A single number is required: the count of lines in the entries below that include the word "Operations".

══ Data in this exercise

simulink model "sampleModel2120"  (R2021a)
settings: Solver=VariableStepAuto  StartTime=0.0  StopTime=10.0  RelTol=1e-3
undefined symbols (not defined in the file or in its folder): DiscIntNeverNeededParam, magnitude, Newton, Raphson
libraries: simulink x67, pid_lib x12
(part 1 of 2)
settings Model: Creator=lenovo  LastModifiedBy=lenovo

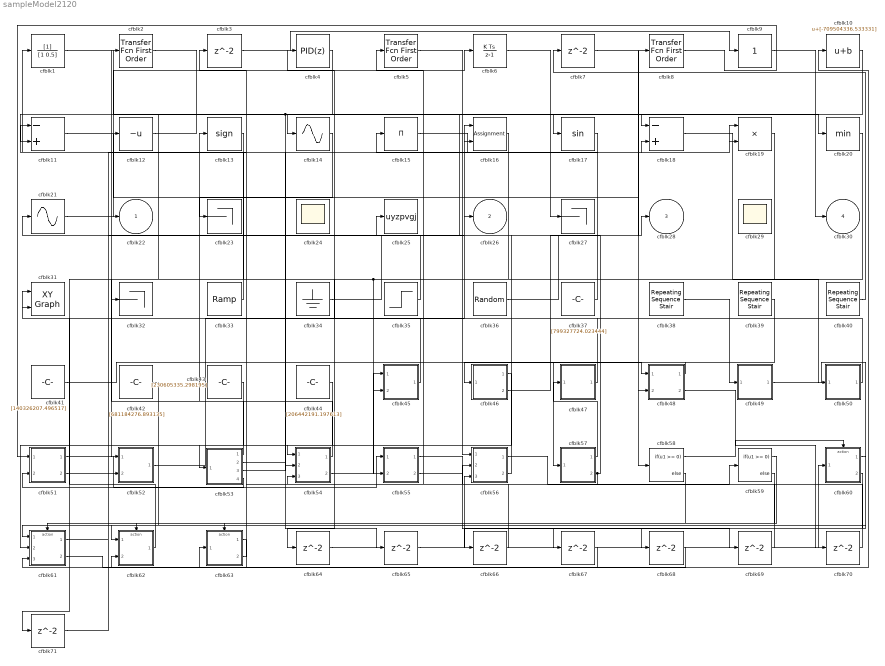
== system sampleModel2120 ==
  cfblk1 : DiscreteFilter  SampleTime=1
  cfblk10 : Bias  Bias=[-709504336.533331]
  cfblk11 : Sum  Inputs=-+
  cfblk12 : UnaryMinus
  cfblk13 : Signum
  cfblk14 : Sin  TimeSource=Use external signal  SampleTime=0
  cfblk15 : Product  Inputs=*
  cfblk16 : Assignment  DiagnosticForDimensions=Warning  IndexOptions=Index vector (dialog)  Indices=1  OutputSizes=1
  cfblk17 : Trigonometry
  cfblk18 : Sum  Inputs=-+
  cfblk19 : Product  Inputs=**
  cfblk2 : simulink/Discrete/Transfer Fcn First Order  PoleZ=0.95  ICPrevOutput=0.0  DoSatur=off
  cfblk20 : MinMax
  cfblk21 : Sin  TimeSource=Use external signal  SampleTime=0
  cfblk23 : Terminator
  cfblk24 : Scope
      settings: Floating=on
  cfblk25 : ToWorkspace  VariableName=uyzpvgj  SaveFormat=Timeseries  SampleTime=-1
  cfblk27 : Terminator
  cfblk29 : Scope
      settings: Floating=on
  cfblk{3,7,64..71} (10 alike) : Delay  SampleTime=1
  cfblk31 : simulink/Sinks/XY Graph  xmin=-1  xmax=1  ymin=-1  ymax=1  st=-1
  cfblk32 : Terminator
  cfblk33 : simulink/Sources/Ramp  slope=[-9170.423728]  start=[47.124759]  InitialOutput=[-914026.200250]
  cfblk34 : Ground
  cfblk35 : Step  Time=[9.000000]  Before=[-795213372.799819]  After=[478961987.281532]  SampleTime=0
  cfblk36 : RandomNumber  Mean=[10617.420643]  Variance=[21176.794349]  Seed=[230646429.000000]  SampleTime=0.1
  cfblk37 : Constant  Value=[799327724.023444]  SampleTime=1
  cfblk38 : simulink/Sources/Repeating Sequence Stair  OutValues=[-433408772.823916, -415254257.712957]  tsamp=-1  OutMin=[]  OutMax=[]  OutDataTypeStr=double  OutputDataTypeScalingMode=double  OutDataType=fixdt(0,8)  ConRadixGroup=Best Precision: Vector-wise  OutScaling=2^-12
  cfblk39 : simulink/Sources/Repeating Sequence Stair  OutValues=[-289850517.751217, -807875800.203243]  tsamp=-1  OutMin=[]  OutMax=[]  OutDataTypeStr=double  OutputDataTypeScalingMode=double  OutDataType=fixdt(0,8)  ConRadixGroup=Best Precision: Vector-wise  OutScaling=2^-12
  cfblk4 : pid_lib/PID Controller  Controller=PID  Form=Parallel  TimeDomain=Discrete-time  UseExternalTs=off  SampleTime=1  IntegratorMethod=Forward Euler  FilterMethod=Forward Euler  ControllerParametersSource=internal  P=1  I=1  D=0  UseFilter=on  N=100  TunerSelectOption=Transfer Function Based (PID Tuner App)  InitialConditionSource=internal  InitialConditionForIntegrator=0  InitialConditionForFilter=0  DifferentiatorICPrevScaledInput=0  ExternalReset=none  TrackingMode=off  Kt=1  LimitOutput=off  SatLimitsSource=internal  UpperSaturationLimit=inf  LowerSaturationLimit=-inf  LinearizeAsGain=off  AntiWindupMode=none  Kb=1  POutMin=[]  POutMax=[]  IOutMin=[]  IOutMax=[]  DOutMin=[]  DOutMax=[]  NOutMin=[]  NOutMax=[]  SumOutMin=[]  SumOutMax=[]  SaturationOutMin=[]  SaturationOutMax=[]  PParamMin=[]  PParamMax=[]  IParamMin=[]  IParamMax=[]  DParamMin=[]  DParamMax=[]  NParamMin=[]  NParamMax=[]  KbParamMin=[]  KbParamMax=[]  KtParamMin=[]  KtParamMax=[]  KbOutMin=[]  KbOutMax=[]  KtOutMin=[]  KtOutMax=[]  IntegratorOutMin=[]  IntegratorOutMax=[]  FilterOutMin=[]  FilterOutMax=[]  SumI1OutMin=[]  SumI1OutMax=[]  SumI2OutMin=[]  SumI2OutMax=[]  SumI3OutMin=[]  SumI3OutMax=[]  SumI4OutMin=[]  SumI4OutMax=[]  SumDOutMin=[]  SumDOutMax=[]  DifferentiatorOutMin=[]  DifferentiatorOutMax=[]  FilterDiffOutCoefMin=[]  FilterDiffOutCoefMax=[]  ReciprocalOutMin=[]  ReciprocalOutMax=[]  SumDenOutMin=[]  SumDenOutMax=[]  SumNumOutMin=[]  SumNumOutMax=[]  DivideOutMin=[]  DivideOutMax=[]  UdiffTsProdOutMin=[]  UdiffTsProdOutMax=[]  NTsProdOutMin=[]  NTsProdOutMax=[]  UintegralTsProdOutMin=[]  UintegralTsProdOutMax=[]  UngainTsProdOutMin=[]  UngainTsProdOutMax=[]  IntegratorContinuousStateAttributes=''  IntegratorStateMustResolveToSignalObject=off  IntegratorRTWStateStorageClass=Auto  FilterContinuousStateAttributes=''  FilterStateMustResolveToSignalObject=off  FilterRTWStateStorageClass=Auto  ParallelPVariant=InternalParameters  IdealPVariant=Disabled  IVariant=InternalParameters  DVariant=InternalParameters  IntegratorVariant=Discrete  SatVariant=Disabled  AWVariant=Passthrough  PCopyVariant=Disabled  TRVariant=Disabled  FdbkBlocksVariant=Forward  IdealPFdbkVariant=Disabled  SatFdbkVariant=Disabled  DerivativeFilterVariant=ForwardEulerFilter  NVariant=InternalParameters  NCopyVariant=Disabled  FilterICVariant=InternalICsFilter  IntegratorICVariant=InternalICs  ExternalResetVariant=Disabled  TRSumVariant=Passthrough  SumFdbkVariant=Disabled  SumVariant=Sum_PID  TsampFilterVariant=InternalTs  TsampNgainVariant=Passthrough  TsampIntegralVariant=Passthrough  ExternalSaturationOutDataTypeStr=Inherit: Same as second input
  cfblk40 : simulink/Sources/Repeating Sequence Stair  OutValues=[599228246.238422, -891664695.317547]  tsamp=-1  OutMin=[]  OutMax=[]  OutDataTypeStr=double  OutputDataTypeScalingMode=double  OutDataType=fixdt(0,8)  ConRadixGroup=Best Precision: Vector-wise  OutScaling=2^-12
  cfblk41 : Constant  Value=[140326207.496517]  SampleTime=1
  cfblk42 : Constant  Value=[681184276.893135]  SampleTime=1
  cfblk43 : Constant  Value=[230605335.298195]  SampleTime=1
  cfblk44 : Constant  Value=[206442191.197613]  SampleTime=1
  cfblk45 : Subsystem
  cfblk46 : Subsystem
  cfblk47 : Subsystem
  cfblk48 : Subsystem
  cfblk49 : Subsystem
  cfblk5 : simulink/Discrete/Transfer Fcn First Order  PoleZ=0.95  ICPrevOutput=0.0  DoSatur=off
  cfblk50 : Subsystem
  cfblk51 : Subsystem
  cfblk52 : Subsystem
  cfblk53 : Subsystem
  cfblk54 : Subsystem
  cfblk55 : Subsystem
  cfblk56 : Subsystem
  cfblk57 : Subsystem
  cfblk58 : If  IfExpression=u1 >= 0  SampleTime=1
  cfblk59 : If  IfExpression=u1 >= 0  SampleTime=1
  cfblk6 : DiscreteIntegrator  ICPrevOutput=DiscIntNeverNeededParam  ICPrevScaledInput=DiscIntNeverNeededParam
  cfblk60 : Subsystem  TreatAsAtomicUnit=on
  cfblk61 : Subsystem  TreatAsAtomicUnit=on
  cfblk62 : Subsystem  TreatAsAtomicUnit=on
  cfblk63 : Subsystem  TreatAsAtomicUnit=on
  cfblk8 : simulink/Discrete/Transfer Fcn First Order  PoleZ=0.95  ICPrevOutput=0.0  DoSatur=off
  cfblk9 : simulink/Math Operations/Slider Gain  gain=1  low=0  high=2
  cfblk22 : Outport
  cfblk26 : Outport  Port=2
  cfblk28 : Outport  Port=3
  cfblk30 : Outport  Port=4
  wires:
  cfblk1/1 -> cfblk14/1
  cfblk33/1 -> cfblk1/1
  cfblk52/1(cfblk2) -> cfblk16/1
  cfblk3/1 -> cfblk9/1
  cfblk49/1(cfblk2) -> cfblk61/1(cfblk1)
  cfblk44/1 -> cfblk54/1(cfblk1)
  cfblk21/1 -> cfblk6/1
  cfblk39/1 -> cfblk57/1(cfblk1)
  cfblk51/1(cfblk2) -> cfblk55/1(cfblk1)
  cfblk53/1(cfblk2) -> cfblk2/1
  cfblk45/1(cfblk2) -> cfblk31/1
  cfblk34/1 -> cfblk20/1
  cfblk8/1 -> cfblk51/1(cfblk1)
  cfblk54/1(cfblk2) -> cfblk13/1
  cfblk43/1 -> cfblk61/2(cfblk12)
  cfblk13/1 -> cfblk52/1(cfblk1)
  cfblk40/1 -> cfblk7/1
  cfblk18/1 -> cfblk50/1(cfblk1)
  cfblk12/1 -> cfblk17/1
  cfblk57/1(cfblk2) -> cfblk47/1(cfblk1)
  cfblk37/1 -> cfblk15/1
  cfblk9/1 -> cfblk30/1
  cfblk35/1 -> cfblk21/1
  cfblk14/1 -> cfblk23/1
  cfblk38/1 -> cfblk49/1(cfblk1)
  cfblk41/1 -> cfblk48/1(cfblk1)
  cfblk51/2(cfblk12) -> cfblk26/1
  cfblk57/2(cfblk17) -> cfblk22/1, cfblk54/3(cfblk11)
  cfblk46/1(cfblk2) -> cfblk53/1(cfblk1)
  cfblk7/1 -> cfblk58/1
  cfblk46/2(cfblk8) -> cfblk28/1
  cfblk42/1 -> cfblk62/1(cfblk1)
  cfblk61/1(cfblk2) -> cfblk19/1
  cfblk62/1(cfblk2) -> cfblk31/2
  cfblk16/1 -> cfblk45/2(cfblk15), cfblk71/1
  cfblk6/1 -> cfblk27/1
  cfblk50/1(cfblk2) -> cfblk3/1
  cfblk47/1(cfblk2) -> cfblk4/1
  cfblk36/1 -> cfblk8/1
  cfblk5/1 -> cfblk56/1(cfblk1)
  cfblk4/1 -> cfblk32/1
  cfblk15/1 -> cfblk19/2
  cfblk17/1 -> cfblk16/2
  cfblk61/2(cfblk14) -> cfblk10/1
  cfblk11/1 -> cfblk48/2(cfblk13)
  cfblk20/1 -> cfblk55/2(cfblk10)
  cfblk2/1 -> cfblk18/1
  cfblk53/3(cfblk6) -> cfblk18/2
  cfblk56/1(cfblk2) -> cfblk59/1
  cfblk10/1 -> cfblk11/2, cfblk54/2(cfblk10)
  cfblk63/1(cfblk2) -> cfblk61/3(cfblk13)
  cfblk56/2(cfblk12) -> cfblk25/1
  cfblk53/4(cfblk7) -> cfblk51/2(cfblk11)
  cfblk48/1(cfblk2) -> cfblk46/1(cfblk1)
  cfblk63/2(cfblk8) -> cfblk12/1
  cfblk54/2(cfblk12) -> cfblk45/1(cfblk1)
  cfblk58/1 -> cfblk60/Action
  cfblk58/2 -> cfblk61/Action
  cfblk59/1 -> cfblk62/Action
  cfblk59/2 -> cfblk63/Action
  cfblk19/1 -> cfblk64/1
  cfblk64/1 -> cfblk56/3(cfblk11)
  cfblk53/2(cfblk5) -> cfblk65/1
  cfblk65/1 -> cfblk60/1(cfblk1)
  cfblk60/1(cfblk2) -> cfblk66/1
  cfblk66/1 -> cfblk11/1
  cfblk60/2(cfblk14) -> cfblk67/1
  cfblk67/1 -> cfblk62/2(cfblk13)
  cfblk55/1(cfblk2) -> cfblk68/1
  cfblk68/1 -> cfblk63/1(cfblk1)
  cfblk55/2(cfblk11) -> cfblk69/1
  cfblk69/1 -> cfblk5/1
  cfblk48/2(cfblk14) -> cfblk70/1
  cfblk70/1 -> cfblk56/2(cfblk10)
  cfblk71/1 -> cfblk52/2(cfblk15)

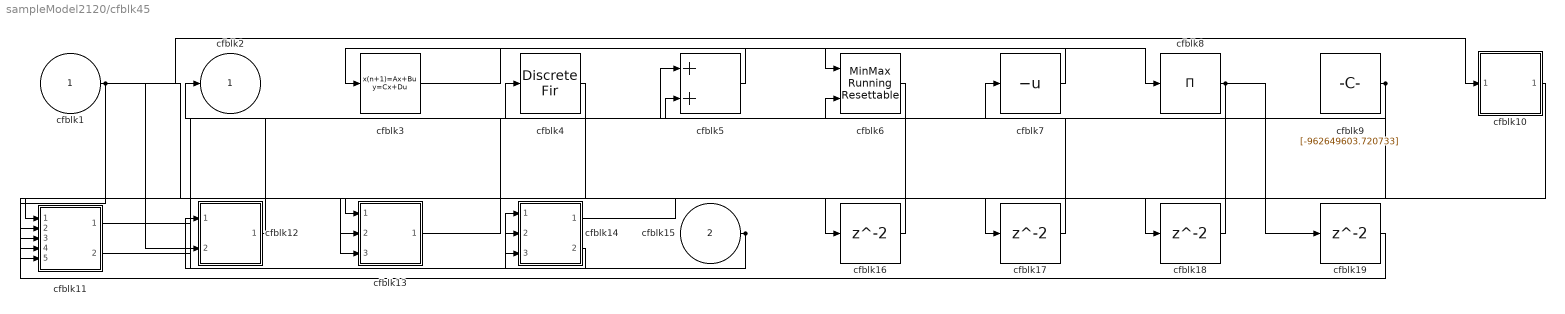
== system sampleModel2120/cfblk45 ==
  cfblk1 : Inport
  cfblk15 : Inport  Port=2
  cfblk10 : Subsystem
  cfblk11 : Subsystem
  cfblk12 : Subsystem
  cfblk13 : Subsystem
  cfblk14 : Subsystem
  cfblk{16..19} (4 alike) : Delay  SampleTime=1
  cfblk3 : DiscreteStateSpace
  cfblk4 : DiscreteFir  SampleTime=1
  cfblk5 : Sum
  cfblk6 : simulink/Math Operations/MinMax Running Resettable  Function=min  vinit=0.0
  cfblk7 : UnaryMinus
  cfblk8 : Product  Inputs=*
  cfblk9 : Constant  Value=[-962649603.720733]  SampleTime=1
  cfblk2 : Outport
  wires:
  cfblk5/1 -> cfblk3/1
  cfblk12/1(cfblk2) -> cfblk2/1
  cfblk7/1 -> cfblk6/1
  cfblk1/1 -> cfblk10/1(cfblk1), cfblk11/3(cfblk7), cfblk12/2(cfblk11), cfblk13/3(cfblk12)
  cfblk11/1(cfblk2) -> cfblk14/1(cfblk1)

════

- Solved problem -
2